[Records excerpted from a collection]

# # # # #

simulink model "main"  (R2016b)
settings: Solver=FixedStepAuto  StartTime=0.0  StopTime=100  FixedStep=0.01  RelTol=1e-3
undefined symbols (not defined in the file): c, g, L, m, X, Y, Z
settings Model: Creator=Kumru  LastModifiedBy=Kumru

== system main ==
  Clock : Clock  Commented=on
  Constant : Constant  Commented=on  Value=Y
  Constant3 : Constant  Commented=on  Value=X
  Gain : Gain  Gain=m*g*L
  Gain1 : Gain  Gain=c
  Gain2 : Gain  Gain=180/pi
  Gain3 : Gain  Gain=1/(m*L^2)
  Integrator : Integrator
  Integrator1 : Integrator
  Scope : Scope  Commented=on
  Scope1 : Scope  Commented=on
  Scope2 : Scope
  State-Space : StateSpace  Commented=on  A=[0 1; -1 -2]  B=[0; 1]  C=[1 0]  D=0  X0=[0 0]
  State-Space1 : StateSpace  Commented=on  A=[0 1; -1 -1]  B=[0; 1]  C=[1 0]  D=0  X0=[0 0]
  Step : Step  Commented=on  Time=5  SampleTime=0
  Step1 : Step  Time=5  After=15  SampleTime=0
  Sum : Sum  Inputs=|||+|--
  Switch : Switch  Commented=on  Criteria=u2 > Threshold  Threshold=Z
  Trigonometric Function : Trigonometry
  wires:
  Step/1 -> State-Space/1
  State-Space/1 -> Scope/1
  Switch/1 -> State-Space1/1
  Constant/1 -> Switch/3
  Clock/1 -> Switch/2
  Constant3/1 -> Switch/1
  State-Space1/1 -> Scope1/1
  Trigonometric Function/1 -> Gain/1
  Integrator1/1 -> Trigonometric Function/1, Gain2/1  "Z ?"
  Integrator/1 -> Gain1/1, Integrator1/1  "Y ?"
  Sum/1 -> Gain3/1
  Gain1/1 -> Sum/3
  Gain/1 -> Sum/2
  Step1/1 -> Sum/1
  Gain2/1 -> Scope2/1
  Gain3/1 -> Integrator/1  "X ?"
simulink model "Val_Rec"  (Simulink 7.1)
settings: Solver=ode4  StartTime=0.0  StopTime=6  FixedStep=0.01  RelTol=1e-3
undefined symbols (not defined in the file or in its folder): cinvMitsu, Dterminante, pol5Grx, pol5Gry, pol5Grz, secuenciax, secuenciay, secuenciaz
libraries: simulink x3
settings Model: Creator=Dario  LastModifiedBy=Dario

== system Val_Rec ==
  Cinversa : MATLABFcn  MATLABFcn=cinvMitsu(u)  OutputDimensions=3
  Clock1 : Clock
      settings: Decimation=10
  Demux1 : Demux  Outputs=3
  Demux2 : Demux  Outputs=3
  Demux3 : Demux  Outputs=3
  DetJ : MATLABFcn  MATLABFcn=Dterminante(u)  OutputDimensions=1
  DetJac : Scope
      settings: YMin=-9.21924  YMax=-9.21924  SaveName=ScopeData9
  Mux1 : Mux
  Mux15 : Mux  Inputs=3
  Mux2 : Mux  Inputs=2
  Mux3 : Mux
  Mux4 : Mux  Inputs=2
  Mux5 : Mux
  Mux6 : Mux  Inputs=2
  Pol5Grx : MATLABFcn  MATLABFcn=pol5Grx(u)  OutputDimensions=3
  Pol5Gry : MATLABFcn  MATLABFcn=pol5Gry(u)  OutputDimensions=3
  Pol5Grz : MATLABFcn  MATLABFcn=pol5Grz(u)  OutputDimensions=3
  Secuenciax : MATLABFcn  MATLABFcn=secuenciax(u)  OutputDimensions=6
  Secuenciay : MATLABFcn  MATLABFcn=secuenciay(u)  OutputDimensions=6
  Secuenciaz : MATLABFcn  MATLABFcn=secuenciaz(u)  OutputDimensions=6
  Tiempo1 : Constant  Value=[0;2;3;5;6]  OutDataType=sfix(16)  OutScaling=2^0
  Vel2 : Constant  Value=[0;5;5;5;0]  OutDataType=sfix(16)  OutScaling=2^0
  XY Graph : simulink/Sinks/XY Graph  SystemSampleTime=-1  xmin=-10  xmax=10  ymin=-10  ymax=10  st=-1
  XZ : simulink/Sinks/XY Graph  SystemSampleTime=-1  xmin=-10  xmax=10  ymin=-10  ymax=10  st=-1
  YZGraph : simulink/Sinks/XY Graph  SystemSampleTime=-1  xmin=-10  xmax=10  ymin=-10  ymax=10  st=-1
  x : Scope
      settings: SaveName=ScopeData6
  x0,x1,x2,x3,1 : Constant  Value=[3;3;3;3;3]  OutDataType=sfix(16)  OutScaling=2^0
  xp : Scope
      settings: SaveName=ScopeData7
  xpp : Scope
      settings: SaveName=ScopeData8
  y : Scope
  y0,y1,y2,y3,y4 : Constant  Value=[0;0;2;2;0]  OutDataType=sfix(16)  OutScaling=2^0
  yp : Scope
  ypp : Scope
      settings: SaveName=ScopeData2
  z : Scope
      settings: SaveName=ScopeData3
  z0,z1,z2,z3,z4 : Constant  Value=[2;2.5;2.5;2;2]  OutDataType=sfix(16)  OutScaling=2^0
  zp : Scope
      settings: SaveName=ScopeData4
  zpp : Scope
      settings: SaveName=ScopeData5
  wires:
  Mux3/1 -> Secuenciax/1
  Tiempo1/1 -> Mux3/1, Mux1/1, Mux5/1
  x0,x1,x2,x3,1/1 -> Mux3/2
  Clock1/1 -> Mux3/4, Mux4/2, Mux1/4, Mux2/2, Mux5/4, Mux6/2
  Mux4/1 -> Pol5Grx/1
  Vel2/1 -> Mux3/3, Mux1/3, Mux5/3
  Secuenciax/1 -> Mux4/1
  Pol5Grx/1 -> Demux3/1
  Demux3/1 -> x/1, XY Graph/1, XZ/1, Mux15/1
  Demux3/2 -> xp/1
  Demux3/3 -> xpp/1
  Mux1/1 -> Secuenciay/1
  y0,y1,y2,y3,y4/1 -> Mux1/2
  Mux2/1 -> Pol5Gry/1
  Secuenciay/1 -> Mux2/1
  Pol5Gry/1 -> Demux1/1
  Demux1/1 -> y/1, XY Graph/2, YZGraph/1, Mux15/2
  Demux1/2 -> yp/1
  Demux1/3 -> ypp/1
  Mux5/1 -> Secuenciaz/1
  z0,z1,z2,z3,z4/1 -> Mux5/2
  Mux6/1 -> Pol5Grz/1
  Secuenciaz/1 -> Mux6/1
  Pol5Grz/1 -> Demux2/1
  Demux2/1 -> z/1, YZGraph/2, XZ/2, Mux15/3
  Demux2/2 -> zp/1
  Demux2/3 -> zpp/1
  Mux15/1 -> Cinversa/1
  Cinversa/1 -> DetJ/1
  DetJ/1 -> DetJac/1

# # # # #

• _WHAT IS EXPECTED_: Restate the data verbatim through the "Demux3 : Demux" line.

• _COMPLETED TASK_:
simulink model "main"  (R2016b)
settings: Solver=FixedStepAuto  StartTime=0.0  StopTime=100  FixedStep=0.01  RelTol=1e-3
undefined symbols (not defined in the file): c, g, L, m, X, Y, Z
settings Model: Creator=Kumru  LastModifiedBy=Kumru

== system main ==
  Clock : Clock  Commented=on
  Constant : Constant  Commented=on  Value=Y
  Constant3 : Constant  Commented=on  Value=X
  Gain : Gain  Gain=m*g*L
  Gain1 : Gain  Gain=c
  Gain2 : Gain  Gain=180/pi
  Gain3 : Gain  Gain=1/(m*L^2)
  Integrator : Integrator
  Integrator1 : Integrator
  Scope : Scope  Commented=on
  Scope1 : Scope  Commented=on
  Scope2 : Scope
  State-Space : StateSpace  Commented=on  A=[0 1; -1 -2]  B=[0; 1]  C=[1 0]  D=0  X0=[0 0]
  State-Space1 : StateSpace  Commented=on  A=[0 1; -1 -1]  B=[0; 1]  C=[1 0]  D=0  X0=[0 0]
  Step : Step  Commented=on  Time=5  SampleTime=0
  Step1 : Step  Time=5  After=15  SampleTime=0
  Sum : Sum  Inputs=|||+|--
  Switch : Switch  Commented=on  Criteria=u2 > Threshold  Threshold=Z
  Trigonometric Function : Trigonometry
  wires:
  Step/1 -> State-Space/1
  State-Space/1 -> Scope/1
  Switch/1 -> State-Space1/1
  Constant/1 -> Switch/3
  Clock/1 -> Switch/2
  Constant3/1 -> Switch/1
  State-Space1/1 -> Scope1/1
  Trigonometric Function/1 -> Gain/1
  Integrator1/1 -> Trigonometric Function/1, Gain2/1  "Z ?"
  Integrator/1 -> Gain1/1, Integrator1/1  "Y ?"
  Sum/1 -> Gain3/1
  Gain1/1 -> Sum/3
  Gain/1 -> Sum/2
  Step1/1 -> Sum/1
  Gain2/1 -> Scope2/1
  Gain3/1 -> Integrator/1  "X ?"
simulink model "Val_Rec"  (Simulink 7.1)
settings: Solver=ode4  StartTime=0.0  StopTime=6  FixedStep=0.01  RelTol=1e-3
undefined symbols (not defined in the file or in its folder): cinvMitsu, Dterminante, pol5Grx, pol5Gry, pol5Grz, secuenciax, secuenciay, secuenciaz
libraries: simulink x3
settings Model: Creator=Dario  LastModifiedBy=Dario

== system Val_Rec ==
  Cinversa : MATLABFcn  MATLABFcn=cinvMitsu(u)  OutputDimensions=3
  Clock1 : Clock
      settings: Decimation=10
  Demux1 : Demux  Outputs=3
  Demux2 : Demux  Outputs=3
  Demux3 : Demux  Outputs=3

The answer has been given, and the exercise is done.